▶ [YOUR TASK]
Reproduce, with no edits, the line that contains "msp.add_arc(centre, radius, start, end, dxfattribs=at)" and all the lines that follow it, ending with the last line of the records.

───── THE DATA

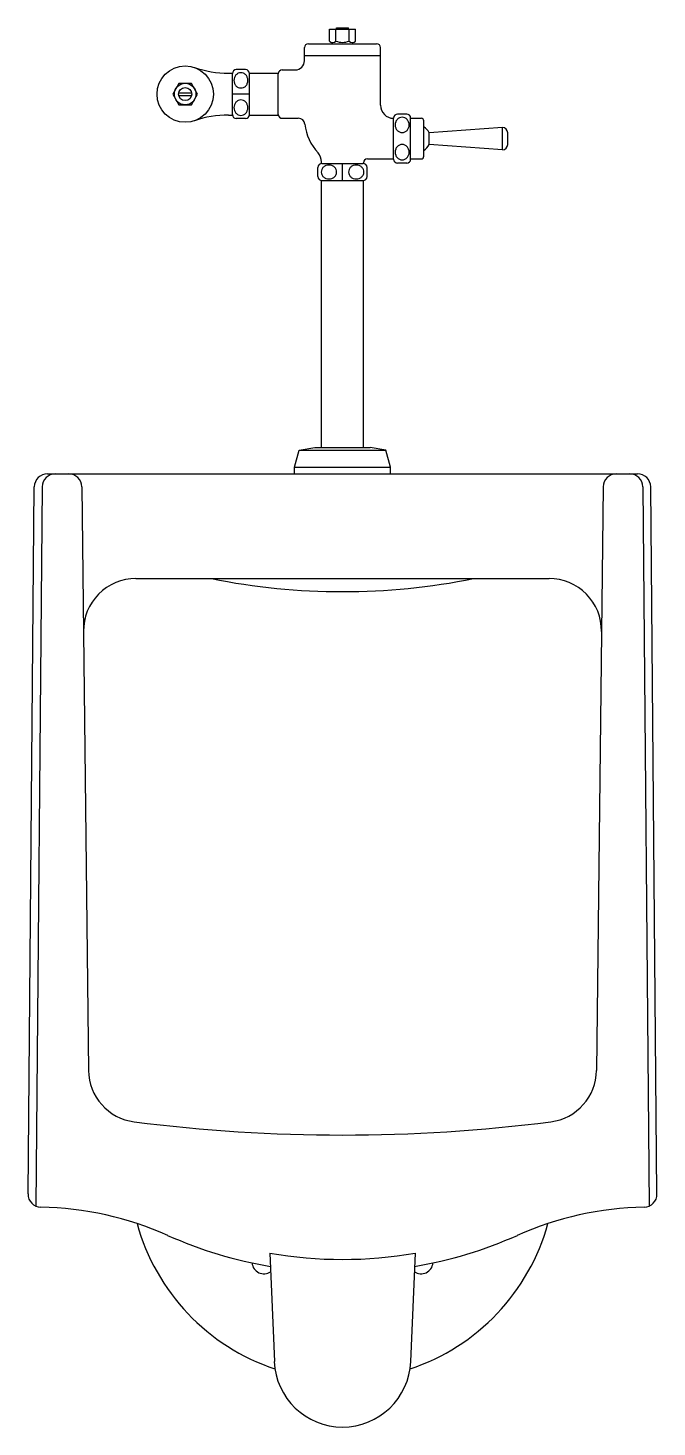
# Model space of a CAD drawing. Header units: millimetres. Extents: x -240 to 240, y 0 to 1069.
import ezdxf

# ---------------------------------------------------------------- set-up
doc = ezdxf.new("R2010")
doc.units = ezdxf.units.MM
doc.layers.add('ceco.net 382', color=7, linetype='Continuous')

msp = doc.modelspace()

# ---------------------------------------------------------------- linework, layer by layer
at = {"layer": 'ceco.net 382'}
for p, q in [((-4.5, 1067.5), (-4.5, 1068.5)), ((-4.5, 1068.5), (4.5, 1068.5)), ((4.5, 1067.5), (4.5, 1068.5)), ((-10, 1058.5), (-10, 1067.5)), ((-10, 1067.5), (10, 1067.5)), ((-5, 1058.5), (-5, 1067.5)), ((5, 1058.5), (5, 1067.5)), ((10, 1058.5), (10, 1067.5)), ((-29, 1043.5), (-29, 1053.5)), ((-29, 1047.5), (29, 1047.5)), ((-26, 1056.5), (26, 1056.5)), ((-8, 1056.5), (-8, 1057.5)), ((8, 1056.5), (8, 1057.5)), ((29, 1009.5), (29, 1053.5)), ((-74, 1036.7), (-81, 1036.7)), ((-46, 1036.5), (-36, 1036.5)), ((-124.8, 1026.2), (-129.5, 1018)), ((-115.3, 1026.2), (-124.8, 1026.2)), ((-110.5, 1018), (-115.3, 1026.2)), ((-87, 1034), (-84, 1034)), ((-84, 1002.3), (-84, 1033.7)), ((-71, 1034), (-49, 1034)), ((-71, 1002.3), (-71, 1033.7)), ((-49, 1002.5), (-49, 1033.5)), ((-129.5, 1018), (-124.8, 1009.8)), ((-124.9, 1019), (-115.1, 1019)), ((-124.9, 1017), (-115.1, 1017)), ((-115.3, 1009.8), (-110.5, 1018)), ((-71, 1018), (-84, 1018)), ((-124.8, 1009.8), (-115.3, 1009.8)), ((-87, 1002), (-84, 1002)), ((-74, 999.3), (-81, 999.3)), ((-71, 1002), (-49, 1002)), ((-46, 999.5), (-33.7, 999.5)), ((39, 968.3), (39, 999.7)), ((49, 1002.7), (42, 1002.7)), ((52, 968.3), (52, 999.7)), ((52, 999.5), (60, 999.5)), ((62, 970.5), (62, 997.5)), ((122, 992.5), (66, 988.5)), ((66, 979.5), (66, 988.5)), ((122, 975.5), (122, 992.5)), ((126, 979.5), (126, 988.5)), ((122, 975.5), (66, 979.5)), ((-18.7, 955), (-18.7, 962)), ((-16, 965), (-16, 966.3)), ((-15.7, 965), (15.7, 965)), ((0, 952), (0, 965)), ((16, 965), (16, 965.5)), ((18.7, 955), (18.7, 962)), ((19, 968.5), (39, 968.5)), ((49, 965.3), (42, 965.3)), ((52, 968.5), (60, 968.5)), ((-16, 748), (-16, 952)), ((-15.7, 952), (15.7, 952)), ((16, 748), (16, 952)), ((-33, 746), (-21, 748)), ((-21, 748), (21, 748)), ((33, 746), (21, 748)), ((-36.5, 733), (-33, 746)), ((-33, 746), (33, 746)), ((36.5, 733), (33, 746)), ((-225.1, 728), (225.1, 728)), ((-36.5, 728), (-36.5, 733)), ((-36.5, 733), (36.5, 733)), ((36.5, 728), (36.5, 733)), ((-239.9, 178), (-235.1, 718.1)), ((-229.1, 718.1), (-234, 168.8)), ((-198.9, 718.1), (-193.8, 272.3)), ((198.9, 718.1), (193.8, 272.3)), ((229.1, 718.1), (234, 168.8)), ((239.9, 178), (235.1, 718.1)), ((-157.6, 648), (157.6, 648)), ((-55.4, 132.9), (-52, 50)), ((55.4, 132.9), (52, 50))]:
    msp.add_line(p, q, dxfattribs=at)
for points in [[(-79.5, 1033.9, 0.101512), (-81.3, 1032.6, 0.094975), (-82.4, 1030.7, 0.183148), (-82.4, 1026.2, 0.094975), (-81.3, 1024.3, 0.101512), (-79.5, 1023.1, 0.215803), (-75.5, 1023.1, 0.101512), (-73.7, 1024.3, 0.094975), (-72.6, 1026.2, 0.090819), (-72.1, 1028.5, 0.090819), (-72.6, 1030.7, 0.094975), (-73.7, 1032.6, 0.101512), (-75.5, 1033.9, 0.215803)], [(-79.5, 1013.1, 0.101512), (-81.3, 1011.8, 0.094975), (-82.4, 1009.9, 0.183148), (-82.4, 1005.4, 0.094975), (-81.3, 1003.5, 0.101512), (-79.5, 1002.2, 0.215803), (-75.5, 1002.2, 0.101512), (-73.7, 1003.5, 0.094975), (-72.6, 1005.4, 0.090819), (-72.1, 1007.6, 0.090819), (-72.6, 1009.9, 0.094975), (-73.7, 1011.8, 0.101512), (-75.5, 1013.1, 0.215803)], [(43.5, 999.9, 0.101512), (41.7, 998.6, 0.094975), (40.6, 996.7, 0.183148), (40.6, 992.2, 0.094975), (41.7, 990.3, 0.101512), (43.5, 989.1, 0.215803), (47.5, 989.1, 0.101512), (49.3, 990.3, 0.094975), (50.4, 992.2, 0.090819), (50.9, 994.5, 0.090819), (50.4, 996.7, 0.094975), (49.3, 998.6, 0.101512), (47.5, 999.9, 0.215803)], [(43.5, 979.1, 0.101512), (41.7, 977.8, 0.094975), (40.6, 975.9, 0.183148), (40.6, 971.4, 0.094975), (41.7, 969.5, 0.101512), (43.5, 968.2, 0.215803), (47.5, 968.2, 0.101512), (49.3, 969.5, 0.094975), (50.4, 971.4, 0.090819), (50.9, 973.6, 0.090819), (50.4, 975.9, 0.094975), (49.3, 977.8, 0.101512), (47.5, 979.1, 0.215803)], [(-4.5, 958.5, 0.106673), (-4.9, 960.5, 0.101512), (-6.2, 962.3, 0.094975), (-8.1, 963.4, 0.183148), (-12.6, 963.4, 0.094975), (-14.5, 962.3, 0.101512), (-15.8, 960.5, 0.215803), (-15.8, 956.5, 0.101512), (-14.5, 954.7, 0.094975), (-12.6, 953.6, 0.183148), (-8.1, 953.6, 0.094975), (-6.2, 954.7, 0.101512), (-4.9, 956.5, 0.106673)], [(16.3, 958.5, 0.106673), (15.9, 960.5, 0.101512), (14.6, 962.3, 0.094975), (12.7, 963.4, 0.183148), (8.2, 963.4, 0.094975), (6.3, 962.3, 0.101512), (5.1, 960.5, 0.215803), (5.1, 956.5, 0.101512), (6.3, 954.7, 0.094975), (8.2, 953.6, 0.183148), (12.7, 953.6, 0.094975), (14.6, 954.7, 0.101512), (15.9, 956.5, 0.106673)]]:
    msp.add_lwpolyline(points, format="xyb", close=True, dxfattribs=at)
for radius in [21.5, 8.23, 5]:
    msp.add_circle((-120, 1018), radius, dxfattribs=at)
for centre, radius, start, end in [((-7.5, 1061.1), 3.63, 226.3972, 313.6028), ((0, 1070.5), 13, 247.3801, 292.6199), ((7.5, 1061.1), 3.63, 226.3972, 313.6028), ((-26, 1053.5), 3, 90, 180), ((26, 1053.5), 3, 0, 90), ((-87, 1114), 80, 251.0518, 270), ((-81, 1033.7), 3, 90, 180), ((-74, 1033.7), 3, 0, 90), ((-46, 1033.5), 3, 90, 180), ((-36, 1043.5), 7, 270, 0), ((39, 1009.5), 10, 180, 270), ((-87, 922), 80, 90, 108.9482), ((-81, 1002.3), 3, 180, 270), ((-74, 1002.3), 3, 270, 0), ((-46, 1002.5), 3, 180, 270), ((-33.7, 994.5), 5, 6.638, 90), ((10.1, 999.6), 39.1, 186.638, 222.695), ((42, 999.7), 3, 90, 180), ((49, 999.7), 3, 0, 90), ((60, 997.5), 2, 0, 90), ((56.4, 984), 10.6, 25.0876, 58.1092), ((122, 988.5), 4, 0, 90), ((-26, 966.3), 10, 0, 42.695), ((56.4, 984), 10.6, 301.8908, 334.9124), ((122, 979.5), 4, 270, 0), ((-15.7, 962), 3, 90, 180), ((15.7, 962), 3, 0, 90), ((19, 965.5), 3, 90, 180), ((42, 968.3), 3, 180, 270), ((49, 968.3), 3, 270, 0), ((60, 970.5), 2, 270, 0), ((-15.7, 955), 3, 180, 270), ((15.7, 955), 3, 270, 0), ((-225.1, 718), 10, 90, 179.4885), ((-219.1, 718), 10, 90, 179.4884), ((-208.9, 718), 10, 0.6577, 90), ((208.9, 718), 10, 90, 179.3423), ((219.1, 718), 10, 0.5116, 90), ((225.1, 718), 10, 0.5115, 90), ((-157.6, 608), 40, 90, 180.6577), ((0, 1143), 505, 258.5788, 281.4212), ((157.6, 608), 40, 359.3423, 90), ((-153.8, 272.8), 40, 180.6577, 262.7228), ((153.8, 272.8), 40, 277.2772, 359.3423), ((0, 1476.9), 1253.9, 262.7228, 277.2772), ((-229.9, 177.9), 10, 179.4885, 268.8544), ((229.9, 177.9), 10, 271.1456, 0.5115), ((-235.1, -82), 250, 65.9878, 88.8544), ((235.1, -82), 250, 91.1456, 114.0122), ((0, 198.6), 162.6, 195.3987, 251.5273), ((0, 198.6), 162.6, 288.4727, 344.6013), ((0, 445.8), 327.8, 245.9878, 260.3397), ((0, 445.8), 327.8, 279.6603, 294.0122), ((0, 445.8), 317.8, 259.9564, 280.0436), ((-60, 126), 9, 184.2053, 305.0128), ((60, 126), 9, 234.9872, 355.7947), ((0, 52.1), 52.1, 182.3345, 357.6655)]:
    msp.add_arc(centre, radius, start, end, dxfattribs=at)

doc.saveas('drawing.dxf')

──────────

▶ [TASK RESPONSE]
    msp.add_arc(centre, radius, start, end, dxfattribs=at)

doc.saveas('drawing.dxf')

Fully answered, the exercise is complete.